Parallel Plans: 2022
Every Summer, we challenge our community to take part in our global cycling event, Parallels and ride the longest straight line possible. Hundreds of riders have taken part over the years, covering huge distances and plotting creative routes across the map, which can be viewed on the Parallels homepage.
Here, we explore what some of the most creative plans we have seen for Parallels 2022 so far. Read on to find inspiration for your own Parallels 2022 route.

Taro Okamoto is a keen adventurer in Japan who loves to share his enthusiasm for bikepacking. Taro plans to explore one of Japan’s famous national cycle routes, Shimanami Kaido, and ride 24 islands in 24 hours.

‘My local Shimanami Kaido covers over 100 islands. It is a dream destination to ride for many cyclists all over the world. As a local cyclist, I have always wondered if it is possible to visit 24 islands in 24 hours by bike!
I have tried to plot the most efficient route possible, however, there are only 20 bridges. I contemplated swimming the 5km across the water to the other islands, but this is definitely not achievable with a bike! The alternative option is for me to catch a ferry but there are only 3 ferries a day. This presents large time pressures that may make or break my plans.’
Ibai Fradejas, an experienced Basque cyclist and founder of Dieadar Gravel, plans to ride 320.8 km from Luchon to Bayonne, in France. He has decided to use Parallels as an opportunity to come together with members of his local community and enjoy a shared love of cycling.

‘The reason I chose to do this particular route is because it is a yearly tradition of ours to ride the first Pyrenean stage that took place in the Tour de France on July 21, 1910. The route climbs the passes of Peyresourde, Aspin, Tourmalet, Soulour, Col D’Aubisque and Col d’Osquich.
For me, this is a great way to spend Parallels, exploring a beautiful part of the world, with good friends and many hours of daylight. It is incredible to be able to ride the route that the tour rode for the first time in 1910. It is a great feeling to pay a tribute to an event that is such a large part of cycling today and do it whilst enjoying everything I like most about cycling.
My plan for Parallels is to take the opportunity to enjoy a day on the bike with members of my local cycling club. Many members of this club are seasoned long-distance riders, whilst others are just starting out. We will all come together to enjoy a shared passion that is cycling. I believe that this group of people inspired me to become the ultra-distance cyclist I am today.’
Josh Murphy considers himself a country mouse in the bustling city of London. His Cumbrian outlook in a Hackney Postcode breeds an inherent craving for the freedom of the fells. His route was motivated by his drive to explore and inspire.

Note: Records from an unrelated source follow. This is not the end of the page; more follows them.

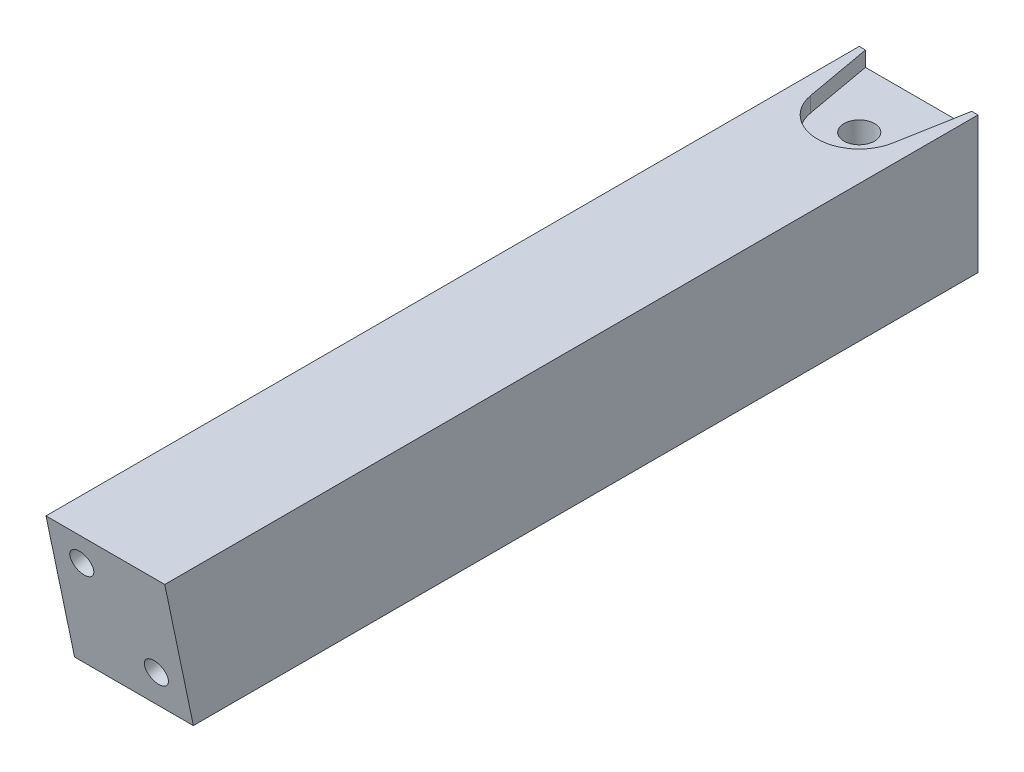
ISO-10303-21;
HEADER;
FILE_DESCRIPTION(('STEP AP214'),'2;1');
FILE_NAME('part.step','',(''),(''),'','','');
FILE_SCHEMA(('AUTOMOTIVE_DESIGN { 1 0 10303 214 1 1 1 1 }'));
ENDSEC;
DATA;
#1=APPLICATION_CONTEXT('core data for automotive mechanical design processes');
#2=APPLICATION_PROTOCOL_DEFINITION('international standard','automotive_design',2000,#1);
#3=PRODUCT_CONTEXT('',#1,'mechanical');
#4=PRODUCT('Part','Part','',(#3));
#5=PRODUCT_RELATED_PRODUCT_CATEGORY('part','',(#4));
#6=PRODUCT_DEFINITION_FORMATION('','',#4);
#7=PRODUCT_DEFINITION_CONTEXT('part definition',#1,'design');
#8=PRODUCT_DEFINITION('design','',#6,#7);
#9=PRODUCT_DEFINITION_SHAPE('','',#8);
#10=(LENGTH_UNIT() NAMED_UNIT(*) SI_UNIT(.MILLI.,.METRE.));
#11=(NAMED_UNIT(*) PLANE_ANGLE_UNIT() SI_UNIT($,.RADIAN.));
#12=(NAMED_UNIT(*) SI_UNIT($,.STERADIAN.) SOLID_ANGLE_UNIT());
#13=UNCERTAINTY_MEASURE_WITH_UNIT(LENGTH_MEASURE(1.E-05),#10,'distance_accuracy_value','');
#14=(GEOMETRIC_REPRESENTATION_CONTEXT(3) GLOBAL_UNCERTAINTY_ASSIGNED_CONTEXT((#13)) GLOBAL_UNIT_ASSIGNED_CONTEXT((#10,
#11,#12)) REPRESENTATION_CONTEXT('',''));
#15=CARTESIAN_POINT('',(0.,0.,0.));
#16=DIRECTION('',(0.,0.,1.));
#17=DIRECTION('',(1.,0.,0.));
#18=AXIS2_PLACEMENT_3D('',#15,#16,#17);
#19=CARTESIAN_POINT('',(12.7,14.605,197.296101601284));
#20=DIRECTION('',(0.,1.,0.));
#21=DIRECTION('',(-1.,0.,0.));
#22=AXIS2_PLACEMENT_3D('',#19,#20,#21);
#23=PLANE('',#22);
#24=DIRECTION('',(-0.176771623019133,0.,-0.984251895245918));
#25=VECTOR('',#24,1.);
#26=CARTESIAN_POINT('',(25.9239685293045,14.605,194.921077086757));
#27=LINE('',#26,#25);
#28=CARTESIAN_POINT('',(-8.7999993450147,14.605,1.58047972708946));
#29=VERTEX_POINT('',#28);
#30=CARTESIAN_POINT('',(-11.3647732520222,14.605,-12.7));
#31=VERTEX_POINT('',#30);
#32=EDGE_CURVE('E172',#29,#31,#27,.T.);
#33=ORIENTED_EDGE('',*,*,#32,.T.);
#34=DIRECTION('',(-1.,0.,0.));
#35=VECTOR('',#34,1.);
#36=CARTESIAN_POINT('',(12.7,14.605,-12.7));
#37=LINE('',#36,#35);
#38=CARTESIAN_POINT('',(-12.7,14.605,-12.7));
#39=VERTEX_POINT('',#38);
#40=EDGE_CURVE('E195',#31,#39,#37,.T.);
#41=ORIENTED_EDGE('',*,*,#40,.T.);
#42=DIRECTION('',(0.,0.,-1.));
#43=VECTOR('',#42,1.);
#44=CARTESIAN_POINT('',(-12.7,14.605,197.296101601284));
#45=LINE('',#44,#43);
#46=CARTESIAN_POINT('',(-12.7,14.605,161.22573442005));
#47=VERTEX_POINT('',#46);
#48=EDGE_CURVE('E207',#47,#39,#45,.T.);
#49=ORIENTED_EDGE('',*,*,#48,.F.);
#50=DIRECTION('',(-1.,0.,0.));
#51=VECTOR('',#50,1.);
#52=CARTESIAN_POINT('',(12.7,14.605,161.22573442005));
#53=LINE('',#52,#51);
#54=CARTESIAN_POINT('',(12.7,14.605,161.22573442005));
#55=VERTEX_POINT('',#54);
#56=EDGE_CURVE('E208',#55,#47,#53,.T.);
#57=ORIENTED_EDGE('',*,*,#56,.F.);
#58=DIRECTION('',(0.,0.,-1.));
#59=VECTOR('',#58,1.);
#60=CARTESIAN_POINT('',(12.7,14.605,197.296101601284));
#61=LINE('',#60,#59);
#62=CARTESIAN_POINT('',(12.7,14.605,-12.7));
#63=VERTEX_POINT('',#62);
#64=EDGE_CURVE('E211',#55,#63,#61,.T.);
#65=ORIENTED_EDGE('',*,*,#64,.T.);
#66=CARTESIAN_POINT('',(11.3647732520222,14.605,-12.7));
#67=VERTEX_POINT('',#66);
#68=EDGE_CURVE('E196',#63,#67,#37,.T.);
#69=ORIENTED_EDGE('',*,*,#68,.T.);
#70=DIRECTION('',(0.176771623019133,0.,-0.984251895245918));
#71=VECTOR('',#70,1.);
#72=CARTESIAN_POINT('',(-25.1302640790021,14.605,190.501786840207));
#73=LINE('',#72,#71);
#74=CARTESIAN_POINT('',(8.7999993450147,14.605,1.58047972708946));
#75=VERTEX_POINT('',#74);
#76=EDGE_CURVE('E164',#75,#67,#73,.T.);
#77=ORIENTED_EDGE('',*,*,#76,.F.);
#78=CARTESIAN_POINT('',(0.,14.605,0.));
#79=DIRECTION('',(0.,-1.,0.));
#80=DIRECTION('',(-1.,0.,0.));
#81=AXIS2_PLACEMENT_3D('',#78,#79,#80);
#82=CIRCLE('',#81,8.9408);
#83=EDGE_CURVE('E229',#29,#75,#82,.F.);
#84=ORIENTED_EDGE('',*,*,#83,.F.);
#85=EDGE_LOOP('',(#33,#41,#49,#57,#65,#69,#77,#84));
#86=FACE_BOUND('',#85,.T.);
#87=ADVANCED_FACE('F41',(#86),#23,.T.);
#88=CARTESIAN_POINT('',(233.303265585854,1008.96652745467,369.453578742917));
#89=DIRECTION('',(0.,-0.204962795312324,0.97876976482611));
#90=DIRECTION('',(0.,0.97876976482611,0.204962795312324));
#91=AXIS2_PLACEMENT_3D('',#88,#89,#90);
#92=PLANE('',#91);
#93=CARTESIAN_POINT('',(-6.35,8.3898119933542,159.924220669817));
#94=DIRECTION('',(0.,0.204962795312324,-0.97876976482611));
#95=DIRECTION('',(0.,0.97876976482611,0.204962795312324));
#96=AXIS2_PLACEMENT_3D('',#93,#94,#95);
#97=CIRCLE('',#96,2.52729999999989);
#98=CARTESIAN_POINT('',(-6.35,10.8634568199991,160.442223142409));
#99=VERTEX_POINT('',#98);
#100=EDGE_CURVE('E180',#99,#99,#97,.T.);
#101=ORIENTED_EDGE('',*,*,#100,.T.);
#102=EDGE_LOOP('',(#101));
#103=FACE_BOUND('',#102,.T.);
#104=CARTESIAN_POINT('',(6.35,-7.14815802326029,156.670436294233));
#105=DIRECTION('',(0.,0.204962795312324,-0.97876976482611));
#106=DIRECTION('',(0.,0.97876976482611,0.204962795312324));
#107=AXIS2_PLACEMENT_3D('',#104,#105,#106);
#108=CIRCLE('',#107,2.52729999999989);
#109=CARTESIAN_POINT('',(6.35,-4.67451319661537,157.188438766826));
#110=VERTEX_POINT('',#109);
#111=EDGE_CURVE('E183',#110,#110,#108,.T.);
#112=ORIENTED_EDGE('',*,*,#111,.T.);
#113=EDGE_LOOP('',(#112));
#114=FACE_BOUND('',#113,.T.);
#115=DIRECTION('',(0.,-0.97876976482611,-0.204962795312324));
#116=VECTOR('',#115,1.);
#117=CARTESIAN_POINT('',(-12.7,21.8411263885984,162.741041436204));
#118=LINE('',#117,#116);
#119=CARTESIAN_POINT('',(-12.7,-14.605,155.108909538218));
#120=VERTEX_POINT('',#119);
#121=EDGE_CURVE('E203',#47,#120,#118,.T.);
#122=ORIENTED_EDGE('',*,*,#121,.T.);
#123=DIRECTION('',(1.,0.,0.));
#124=VECTOR('',#123,1.);
#125=CARTESIAN_POINT('',(12.7,-14.605,155.108909538218));
#126=LINE('',#125,#124);
#127=CARTESIAN_POINT('',(12.7,-14.605,155.108909538218));
#128=VERTEX_POINT('',#127);
#129=EDGE_CURVE('E199',#120,#128,#126,.T.);
#130=ORIENTED_EDGE('',*,*,#129,.T.);
#131=DIRECTION('',(0.,0.97876976482611,0.204962795312324));
#132=VECTOR('',#131,1.);
#133=CARTESIAN_POINT('',(12.7,21.8411263885984,162.741041436204));
#134=LINE('',#133,#132);
#135=EDGE_CURVE('E212',#128,#55,#134,.T.);
#136=ORIENTED_EDGE('',*,*,#135,.T.);
#137=ORIENTED_EDGE('',*,*,#56,.T.);
#138=EDGE_LOOP('',(#122,#130,#136,#137));
#139=FACE_BOUND('',#138,.T.);
#140=ADVANCED_FACE('F43',(#103,#114,#139),#92,.T.);
#141=CARTESIAN_POINT('',(12.7,-14.605,197.296101601284));
#142=DIRECTION('',(0.,-1.,0.));
#143=DIRECTION('',(1.,0.,0.));
#144=AXIS2_PLACEMENT_3D('',#141,#142,#143);
#145=PLANE('',#144);
#146=DIRECTION('',(0.176771623019133,0.,-0.984251895245918));
#147=VECTOR('',#146,1.);
#148=CARTESIAN_POINT('',(-25.1302640790021,-14.605,190.501786840207));
#149=LINE('',#148,#147);
#150=CARTESIAN_POINT('',(8.7999993450147,-14.605,1.58047972708946));
#151=VERTEX_POINT('',#150);
#152=CARTESIAN_POINT('',(11.3647732520222,-14.605,-12.7));
#153=VERTEX_POINT('',#152);
#154=EDGE_CURVE('E133',#151,#153,#149,.T.);
#155=ORIENTED_EDGE('',*,*,#154,.T.);
#156=DIRECTION('',(1.,0.,0.));
#157=VECTOR('',#156,1.);
#158=CARTESIAN_POINT('',(12.7,-14.605,-12.7));
#159=LINE('',#158,#157);
#160=CARTESIAN_POINT('',(12.7,-14.605,-12.7));
#161=VERTEX_POINT('',#160);
#162=EDGE_CURVE('E189',#153,#161,#159,.T.);
#163=ORIENTED_EDGE('',*,*,#162,.T.);
#164=DIRECTION('',(0.,0.,-1.));
#165=VECTOR('',#164,1.);
#166=CARTESIAN_POINT('',(12.7,-14.605,197.296101601284));
#167=LINE('',#166,#165);
#168=EDGE_CURVE('E202',#128,#161,#167,.T.);
#169=ORIENTED_EDGE('',*,*,#168,.F.);
#170=ORIENTED_EDGE('',*,*,#129,.F.);
#171=DIRECTION('',(0.,0.,-1.));
#172=VECTOR('',#171,1.);
#173=CARTESIAN_POINT('',(-12.7,-14.605,197.296101601284));
#174=LINE('',#173,#172);
#175=CARTESIAN_POINT('',(-12.7,-14.605,-12.7));
#176=VERTEX_POINT('',#175);
#177=EDGE_CURVE('E206',#120,#176,#174,.T.);
#178=ORIENTED_EDGE('',*,*,#177,.T.);
#179=CARTESIAN_POINT('',(-11.3647732520222,-14.605,-12.7));
#180=VERTEX_POINT('',#179);
#181=EDGE_CURVE('E190',#176,#180,#159,.T.);
#182=ORIENTED_EDGE('',*,*,#181,.T.);
#183=DIRECTION('',(-0.176771623019133,0.,-0.984251895245918));
#184=VECTOR('',#183,1.);
#185=CARTESIAN_POINT('',(25.9239685293045,-14.605,194.921077086757));
#186=LINE('',#185,#184);
#187=CARTESIAN_POINT('',(-8.7999993450147,-14.605,1.58047972708946));
#188=VERTEX_POINT('',#187);
#189=EDGE_CURVE('E136',#188,#180,#186,.T.);
#190=ORIENTED_EDGE('',*,*,#189,.F.);
#191=CARTESIAN_POINT('',(0.,-14.605,0.));
#192=DIRECTION('',(0.,1.,0.));
#193=DIRECTION('',(1.,0.,0.));
#194=AXIS2_PLACEMENT_3D('',#191,#192,#193);
#195=CIRCLE('',#194,8.9408);
#196=EDGE_CURVE('E11',#188,#151,#195,.T.);
#197=ORIENTED_EDGE('',*,*,#196,.T.);
#198=EDGE_LOOP('',(#155,#163,#169,#170,#178,#182,#190,#197));
#199=FACE_BOUND('',#198,.T.);
#200=ADVANCED_FACE('F241',(#199),#145,.T.);
#201=CARTESIAN_POINT('',(12.7,14.605,197.296101601284));
#202=DIRECTION('',(1.,0.,0.));
#203=DIRECTION('',(0.,1.,0.));
#204=AXIS2_PLACEMENT_3D('',#201,#202,#203);
#205=PLANE('',#204);
#206=ORIENTED_EDGE('',*,*,#168,.T.);
#207=DIRECTION('',(0.,1.,0.));
#208=VECTOR('',#207,1.);
#209=CARTESIAN_POINT('',(12.7,14.605,-12.7));
#210=LINE('',#209,#208);
#211=EDGE_CURVE('E193',#161,#63,#210,.T.);
#212=ORIENTED_EDGE('',*,*,#211,.T.);
#213=ORIENTED_EDGE('',*,*,#64,.F.);
#214=ORIENTED_EDGE('',*,*,#135,.F.);
#215=EDGE_LOOP('',(#206,#212,#213,#214));
#216=FACE_BOUND('',#215,.T.);
#217=ADVANCED_FACE('F272',(#216),#205,.T.);
#218=CARTESIAN_POINT('',(-12.7,14.605,197.296101601284));
#219=DIRECTION('',(-1.,0.,0.));
#220=DIRECTION('',(0.,-1.,0.));
#221=AXIS2_PLACEMENT_3D('',#218,#219,#220);
#222=PLANE('',#221);
#223=ORIENTED_EDGE('',*,*,#48,.T.);
#224=DIRECTION('',(0.,-1.,0.));
#225=VECTOR('',#224,1.);
#226=CARTESIAN_POINT('',(-12.7,14.605,-12.7));
#227=LINE('',#226,#225);
#228=EDGE_CURVE('E179',#39,#176,#227,.T.);
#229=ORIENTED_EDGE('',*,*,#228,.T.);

‘I owe a lot to Brigadier Martin Hotine, without whom I would probably have frozen to death many years ago during a typically ill-fated Lake District expedition that characterised my childhood. That day, it was decided suitably ‘character building’ to set off into a snowstorm armed only with the best 2-piece waterproof ten pounds could buy, a map, a compass and a navigational knowledge that owed a lot to the Blue Peter special watched a few days prior.
For on the 18th of April 1936, Brigadier Martin Hotine assembled his cronies of map geeks and mathematicians around a concrete pillar in a field in Cold Ashby, Northampton and began a project to unify the local maps and county projections under a single national grid, datum and reference system. The pillar they duly gathered around was of Brigadier Hotine’s design, it was 4 feet high and trapezoid in profile and had a triangular brass plate set into the top designed to fit a measuring device known as a Theodolite. The ‘trig point’ as the pillar became known was rolled out across the country and quickly became a symbol for the halfway sandwich stop amongst the hill walking community. According to the Ordnance Survey, there are well over 6,500 of these points and without them, the system of parallel grid lines we rely on for navigation in the UK wouldn’t exist.
Arguably the three most famous of these trig points are found at the highest peaks in Wales, England, and Scotland. For the Parallels challenge, I will doff my casquette to the Brigadier by attempting to reach all three by biking and hiking-a-bike throughout the solstice weekend.
There is a unique and beautiful contrast between the objective and seemingly banal world of a map and drawing a rational line upon it compared to the wealth of experiences, mishap and misadventure involved in following it. It is this juxtaposition that lies at the heart of the Parallels challenge. I can’t wait.’